[HISTÓRIAS DE AMOR PARA SUAVIZAR (OU NÃO) A SEGUNDA-FEIRA]

Eu e você, tudo novo de novo.

[Ilustração: Egon Schiele]

Favor ler ouvindo ‘Ainda resta uma bagagem’ do Katinguelê.

Toda vez que escuto histórias de amor eu ganho/faço gorós, cigarros e comida.
Vocês querem saber o que é o amor?
O amor, meus caros, o amor é um pagode dos anos 90, uma roda, e tudo depende de qual mesa você senta ou de quem senta na sua mesa.

O esquecimento do nome dos filmes, dos textos, dos autores, conceitos, trajetos, receitas, de regar as plantas, estender as roupas e de tirar o celular do silencioso; tem também as músicas, as datas, a página em que se parou, quantas colheres de sal, o dia da menstruação, aonde está a calça preferida. Isso tudo é feito mesmo para esquecer. Agora lembrança, lembrar é outro negócio.

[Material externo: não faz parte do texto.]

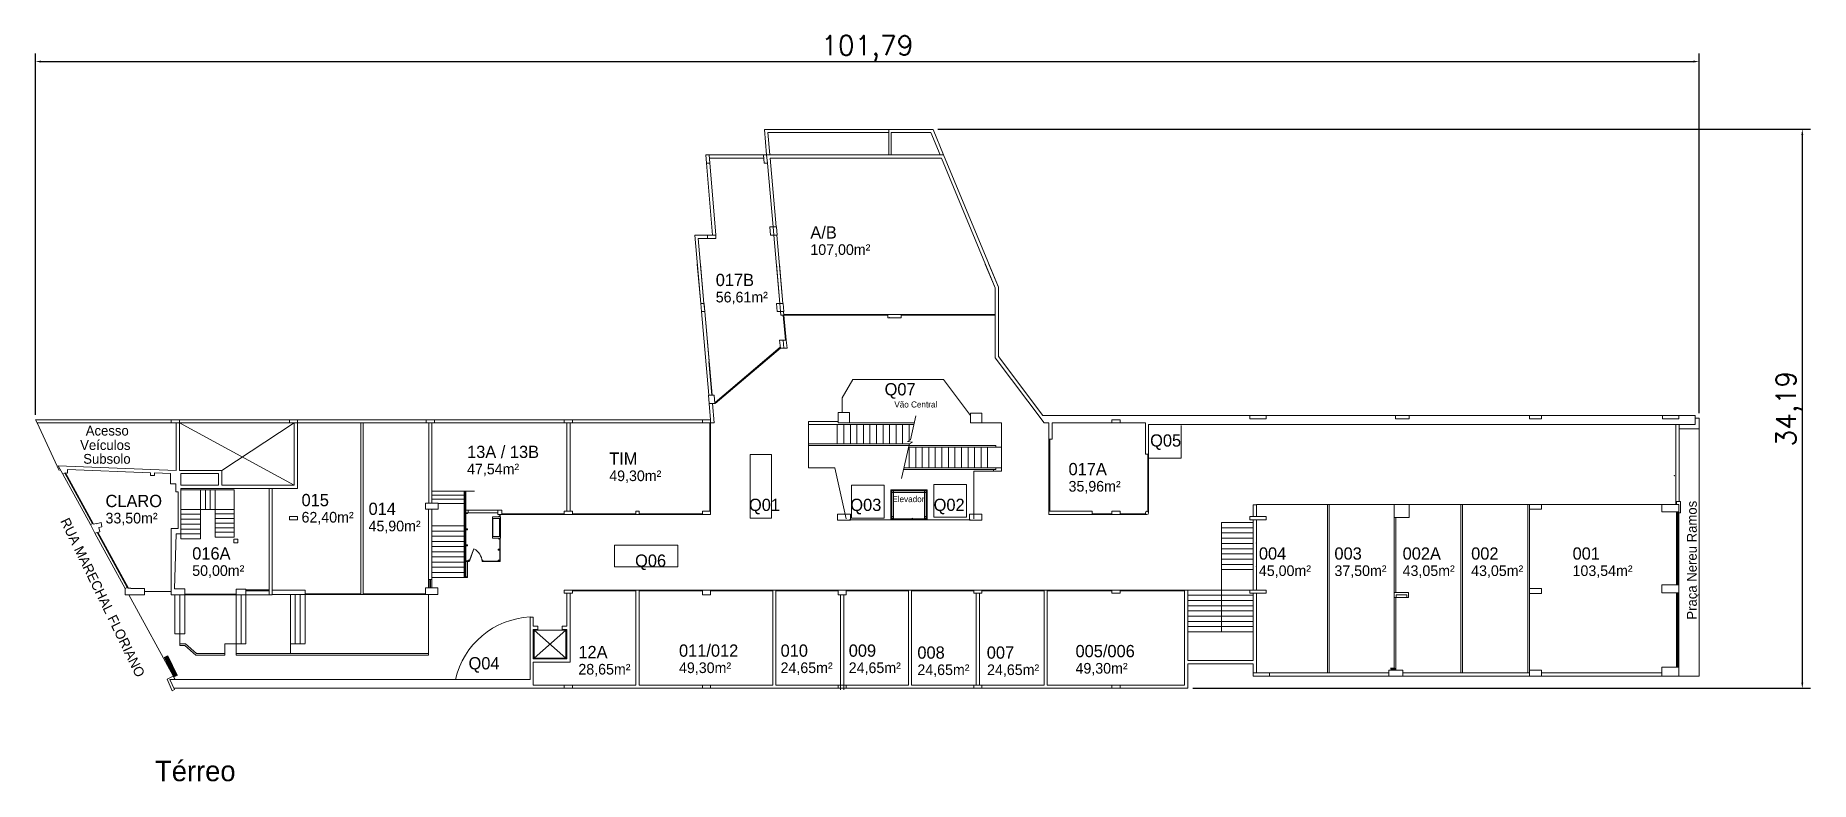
# Model space of a CAD drawing. Header units: metres. Extents: x 2985 to 3093, y 1746 to 1791.
import ezdxf

# ---------------------------------------------------------------- set-up
doc = ezdxf.new("R2010")
doc.units = ezdxf.units.M
doc.layers.add('PAREDES', color=7, linetype='Continuous')
doc.layers.add('VAGAS', color=253, linetype='Continuous')
doc.styles.add('PADRAO MK', font='')
doc.styles.add('ROMANS', font='romans', dxfattribs={"height": 0.16})
doc.styles.get("Standard").update_dxf_attribs({"font": 'arial.ttf'})
doc.styles.get('PADRAO MK').set_extended_font_data('AvantGarde Bk BT')
doc.dimstyles.new('Cota', dxfattribs={"dimtxt": 0.07, "dimasz": 0.08, "dimexe": 0.04, "dimexo": 0.04, "dimgap": 0.02, "dimtad": 1, "dimtxsty": 'Standard', "dimcen": 2.5, "dimclrd": 252, "dimclre": 252, "dimadec": 0, "dimazin": 0, "dimtfac": 1, "dimtmove": 0, "dimatfit": 3, "dimfxl": 1, "dimarcsym": 0})

# ---------------------------------------------------------------- blocks, each defined once
blk = doc.blocks.new('*D8')
at = {"layer": 'DEFPOINTS', "color": 0, "transparency": 16777216}
for p in [(3086.5, 1789.7), (2984.7, 1767.79), (3086.5, 1767.89)]:
    blk.add_point(p, dxfattribs=at)
at = {"layer": 'VAGAS', "color": 1, "lineweight": -2, "transparency": 16777216}
for p, q in [((2984.7, 1768.09), (2984.7, 1790.2)), ((3086.5, 1768.19), (3086.5, 1790.2)), ((2985.05, 1789.7), (3086.15, 1789.7))]:
    blk.add_line(p, q, dxfattribs=at)
at = {"layer": 'VAGAS', "color": 1, "transparency": 16777216}
for points in [[(2985.05, 1789.76), (2985.05, 1789.64), (2984.7, 1789.7)], [(3086.15, 1789.76), (3086.15, 1789.64), (3086.5, 1789.7)]]:
    blk.add_solid(points, dxfattribs=at)
at = {"layer": 'VAGAS', "color": 7, "transparency": 16777216, "insert": (3035.6, 1790.51), "char_height": 0.16, "attachment_point": 5, "style": 'ROMANS'}
blk.add_mtext('{\\H7.5x;101,79}', dxfattribs=at)
blk = doc.blocks.new('_ArchTick')
at = {"color": 0, "linetype": 'ByBlock', "const_width": 0.15}
blk.add_lwpolyline([(-0.5, -0.5), (0.5, 0.5)], dxfattribs=at)
blk = doc.blocks.new('*D9')
at = {"layer": 'DEFPOINTS', "color": 0, "transparency": 16777216}
for p in [(3039.62, 1785.56), (3055.21, 1751.36), (3092.81, 1751.36)]:
    blk.add_point(p, dxfattribs=at)
at = {"layer": 'VAGAS', "color": 1, "lineweight": -2, "transparency": 16777216}
for p, q in [((3039.92, 1785.56), (3093.31, 1785.56)), ((3092.81, 1785.21), (3092.81, 1751.71)), ((3055.51, 1751.36), (3093.31, 1751.36))]:
    blk.add_line(p, q, dxfattribs=at)
at = {"layer": 'VAGAS', "color": 1, "transparency": 16777216}
for points in [[(3092.75, 1785.21), (3092.87, 1785.21), (3092.81, 1785.56)], [(3092.75, 1751.71), (3092.87, 1751.71), (3092.81, 1751.36)]]:
    blk.add_solid(points, dxfattribs=at)
at = {"layer": 'VAGAS', "color": 7, "transparency": 16777216, "insert": (3092, 1768.46), "char_height": 0.16, "attachment_point": 5, "rotation": 90, "style": 'ROMANS'}
blk.add_mtext('{\\H7.5x;34,19}', dxfattribs=at)

msp = doc.modelspace()

# ---------------------------------------------------------------- hatches: boundary and pattern name
at = {"layer": 'PAREDES', "lineweight": 0}
h = msp.add_hatch(dxfattribs=at)
h.set_pattern_fill('ANSI36,_O', color=253, scale=0.01, angle=360)
h.set_pattern_definition([(45, (2881.244965, 1690.526653), (0.01683798, 0.061739261), [0.079375, -0.015875, 0, -0.015875])])
h.paths.add_polyline_path([(3067.777, 1752.468), (3067.876, 1752.463), (3067.876, 1752.603), (3067.651, 1752.603), (3067.651, 1752.463)])

# ---------------------------------------------------------------- linework, layer by layer
at = {"layer": 'PAREDES', "color": 253, "lineweight": 0}
for p, q in [((3029.432, 1783.993), (3029.305, 1785.553)), ((3036.916, 1785.553), (3029.305, 1785.553)), ((3039.62, 1785.553), (3036.916, 1785.553)), ((3036.916, 1783.993), (3036.916, 1785.553)), ((3040.266, 1783.993), (3039.62, 1785.553)), ((3029.642, 1783.993), (3029.523, 1785.353)), ((3036.916, 1785.353), (3029.523, 1785.353)), ((3039.486, 1785.353), (3037.066, 1785.353)), ((3037.066, 1783.993), (3037.066, 1785.353)), ((3040.05, 1783.993), (3039.486, 1785.353)), ((3025.765, 1783.495), (3025.717, 1783.992)), ((3025.722, 1783.993), (3025.918, 1783.993)), ((3026.132, 1779.083), (3025.763, 1783.495)), ((3025.765, 1783.495), (3025.966, 1783.495)), ((3025.966, 1783.495), (3025.918, 1783.993)), ((3029.241, 1783.993), (3025.918, 1783.993)), ((3029.26, 1783.793), (3025.939, 1783.793)), ((3026.332, 1779.092), (3025.962, 1783.495)), ((3029.241, 1783.993), (3029.442, 1783.993)), ((3029.289, 1783.495), (3029.241, 1783.993)), ((3029.289, 1783.495), (3029.49, 1783.495)), ((3029.49, 1783.495), (3029.442, 1783.993)), ((3040.266, 1783.993), (3029.442, 1783.993)), ((3029.833, 1779.583), (3029.49, 1783.495)), ((3030.028, 1779.583), (3029.66, 1783.793)), ((3040.132, 1783.793), (3029.66, 1783.793)), ((3043.421, 1775.853), (3040.132, 1783.793)), ((3043.621, 1775.893), (3040.266, 1783.993)), ((3025.832, 1779.083), (3025.042, 1779.083)), ((3025.406, 1774.903), (3025.042, 1779.083)), ((3025.832, 1778.883), (3025.832, 1779.083)), ((3025.832, 1779.083), (3026.332, 1779.083)), ((3026.332, 1779.083), (3026.332, 1779.092)), ((3026.332, 1779.083), (3026.332, 1778.883)), ((3029.68, 1779.085), (3029.632, 1779.583)), ((3029.632, 1779.583), (3029.833, 1779.583)), ((3029.68, 1779.085), (3029.881, 1779.085)), ((3029.881, 1779.085), (3029.833, 1779.583)), ((3029.833, 1779.583), (3030.034, 1779.583)), ((3029.881, 1779.085), (3030.082, 1779.085)), ((3030.244, 1774.903), (3029.881, 1779.085)), ((3030.082, 1779.085), (3030.034, 1779.583)), ((3030.438, 1774.903), (3030.072, 1779.085)), ((3025.832, 1778.883), (3025.259, 1778.883)), ((3025.607, 1774.903), (3025.259, 1778.883)), ((3026.332, 1778.883), (3025.832, 1778.883)), ((3025.406, 1774.903), (3025.196, 1777.317)), ((3025.607, 1774.903), (3025.396, 1777.317)), ((3030.244, 1774.903), (3030.035, 1777.317)), ((3030.438, 1774.903), (3030.227, 1777.317)), ((3043.421, 1775.853), (3042.815, 1777.317)), ((3043.621, 1775.893), (3043.031, 1777.317)), ((3043.421, 1771.586), (3043.421, 1775.853)), ((3043.621, 1771.653), (3043.621, 1775.893)), ((3025.406, 1774.903), (3025.607, 1774.903)), ((3025.454, 1774.404), (3025.406, 1774.903)), ((3025.655, 1774.404), (3025.607, 1774.903)), ((3025.657, 1774.404), (3025.609, 1774.903)), ((3030.091, 1774.404), (3030.043, 1774.903)), ((3030.043, 1774.903), (3030.244, 1774.903)), ((3030.244, 1774.903), (3030.445, 1774.903)), ((3030.292, 1774.404), (3030.244, 1774.903)), ((3030.493, 1774.404), (3030.445, 1774.903)), ((3025.895, 1769.292), (3025.454, 1774.404)), ((3025.454, 1774.404), (3025.655, 1774.404)), ((3025.923, 1771.343), (3025.655, 1774.404)), ((3026.098, 1769.292), (3025.657, 1774.404)), ((3030.091, 1774.404), (3030.292, 1774.404)), ((3030.3, 1774.182), (3030.292, 1774.404)), ((3030.292, 1774.404), (3030.493, 1774.404)), ((3030.501, 1774.182), (3030.3, 1774.182)), ((3030.451, 1774.177), (3030.593, 1772.663)), ((3030.501, 1774.182), (3030.481, 1774.404)), ((3036.866, 1774.232), (3030.496, 1774.232)), ((3030.501, 1774.182), (3030.643, 1772.663)), ((3036.866, 1774.182), (3030.501, 1774.182)), ((3036.866, 1774.232), (3037.666, 1774.232)), ((3036.866, 1774.032), (3036.866, 1774.232)), ((3036.866, 1774.032), (3037.666, 1774.032)), ((3037.666, 1774.032), (3037.666, 1774.232)), ((3043.421, 1774.232), (3037.666, 1774.232)), ((3043.421, 1774.182), (3037.666, 1774.182)), ((3030.28, 1772.165), (3030.232, 1772.663)), ((3030.232, 1772.663), (3030.442, 1772.663)), ((3030.49, 1772.165), (3030.442, 1772.663)), ((3030.442, 1772.663), (3030.643, 1772.663)), ((3030.691, 1772.165), (3030.643, 1772.663)), ((3026.288, 1768.854), (3030.274, 1772.225)), ((3026.294, 1768.793), (3030.28, 1772.165)), ((3030.28, 1772.165), (3030.49, 1772.165)), ((3030.49, 1772.165), (3030.691, 1772.165)), ((3046.43, 1767.593), (3043.421, 1771.586)), ((3046.342, 1768.043), (3043.621, 1771.653)), ((3026.084, 1769.292), (3025.904, 1771.343)), ((3025.876, 1769.292), (3026.227, 1769.292)), ((3025.924, 1768.793), (3025.876, 1769.292)), ((3026.275, 1768.793), (3026.227, 1769.292)), ((3034.062, 1769.123), (3034.712, 1770.249)), ((3034.712, 1770.249), (3040.261, 1770.249)), ((3041.912, 1768.059), (3040.261, 1770.249)), ((3026.012, 1767.793), (3025.924, 1768.793)), ((3025.924, 1768.793), (3026.275, 1768.793)), ((3026.232, 1767.593), (3026.127, 1768.793)), ((3034.062, 1768.223), (3034.062, 1769.123)), ((2993.01, 1767.793), (2984.705, 1767.793)), ((2984.705, 1767.793), (2993.01, 1767.793)), ((2984.705, 1767.793), (2984.798, 1767.593)), ((2993.01, 1767.593), (2984.798, 1767.593)), ((2986.157, 1764.693), (2984.798, 1767.593)), ((2993.01, 1767.593), (2993.01, 1767.793)), ((2993.01, 1767.793), (2993.51, 1767.793)), ((2993.51, 1767.593), (2993.01, 1767.593)), ((2993.31, 1767.593), (2993.31, 1764.685)), ((3001.46, 1767.793), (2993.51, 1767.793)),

A lembrança das primeiras fotografias, Fotoblog, Felipe Dylon, noites na calçada, os amigos em comum que se foram e os que ainda estão toda sexta comendo lanche com a gente nos mesmos lugares, crescemos juntos, corpos mudaram, se tocaram, todos estes anos, meu peso ia e voltava, suas roupas permaneciam, nossos caminhos passearam, bagunça, risada engraçada, comida no delivery, cadê minhas meias, chegou o sofá cinza, as xícaras novas, a gente gasta quase 500 reais por mês só de cigarro, nenhum de nós dois começa o dia sem café, vem visitar a gente logo, nossas primeiras visitas, olha essa vista, bate um retrato, Instagram, tudo novo de novo, eu e você.

A lembrança da adolescência, segredos, frio na barriga, sul, sudeste, famílias, internet, reencontro, polêmicas, cafés com ovos, panos de prato, chocolates, corujas, tatuagens, estradas, desliga você primeiro, ah não desliga você primeiro, vamos ficar conversando até as três da manhã, eu estou tão louca de amor que ando esquecendo tudo e quebrando ou deixando cair tudo o que me aparece nas mãos, esses dias até eu mesma caí no chão do banheiro, você sabe que a gente nunca faria nada que te prejudicasse, você tem dois anos pra ajeitar sua vida, pode vir que eu te busco, me busca que eu estou indo, tudo novo de novo, eu e você.

A lembrança do não permitido e do não assumido, aquele bar, nossos amigos, a bela, a fera, ela é um amorzinho ela, ela é uma escrota ela, a gente queria saber o que estava acontecendo, a gente queria entender que era real, a gente te ama, estamos com saudades e chega de brigas, ela é linda né, crescimentos, afastamentos, não liga pra gente nesse horário porque a gente vai estar transando, aulas passadas, eu ia tatuar aquele seu desenho, você salvou a minha vida, vamos fugir prum outro lugar baby, tudo novo de novo, eu e você.

A lembrança daquele churrasco, você nem olhou pra mim, se eu soubesse “casava com outro se fosse capaz, te abandonava prostrado aos meus pés, fugia nos braços de um outro rapaz”, beijo com Halls, futebol, música, dança, faculdade, você tem que entender que sagitarianos são assim mesmo, eu vivo com um aquariano há mais de 10 anos e vocês são um poço sem fim, eu não acredito que você deu um soco no cara, para de ficar me vigiando, se eu soubesse “não caia na tua conversa mole outra vez, não dava mole à tua pessoa, mas acontece que eu sorri para ti”, meu espaço, seu espaço, nossa casa, nosso filho, nosso cabo de guerra zodiacal de amor, a corda estica e não arrebenta, puxamos, damos a volta, nosso enlace, tudo novo de novo, eu e você.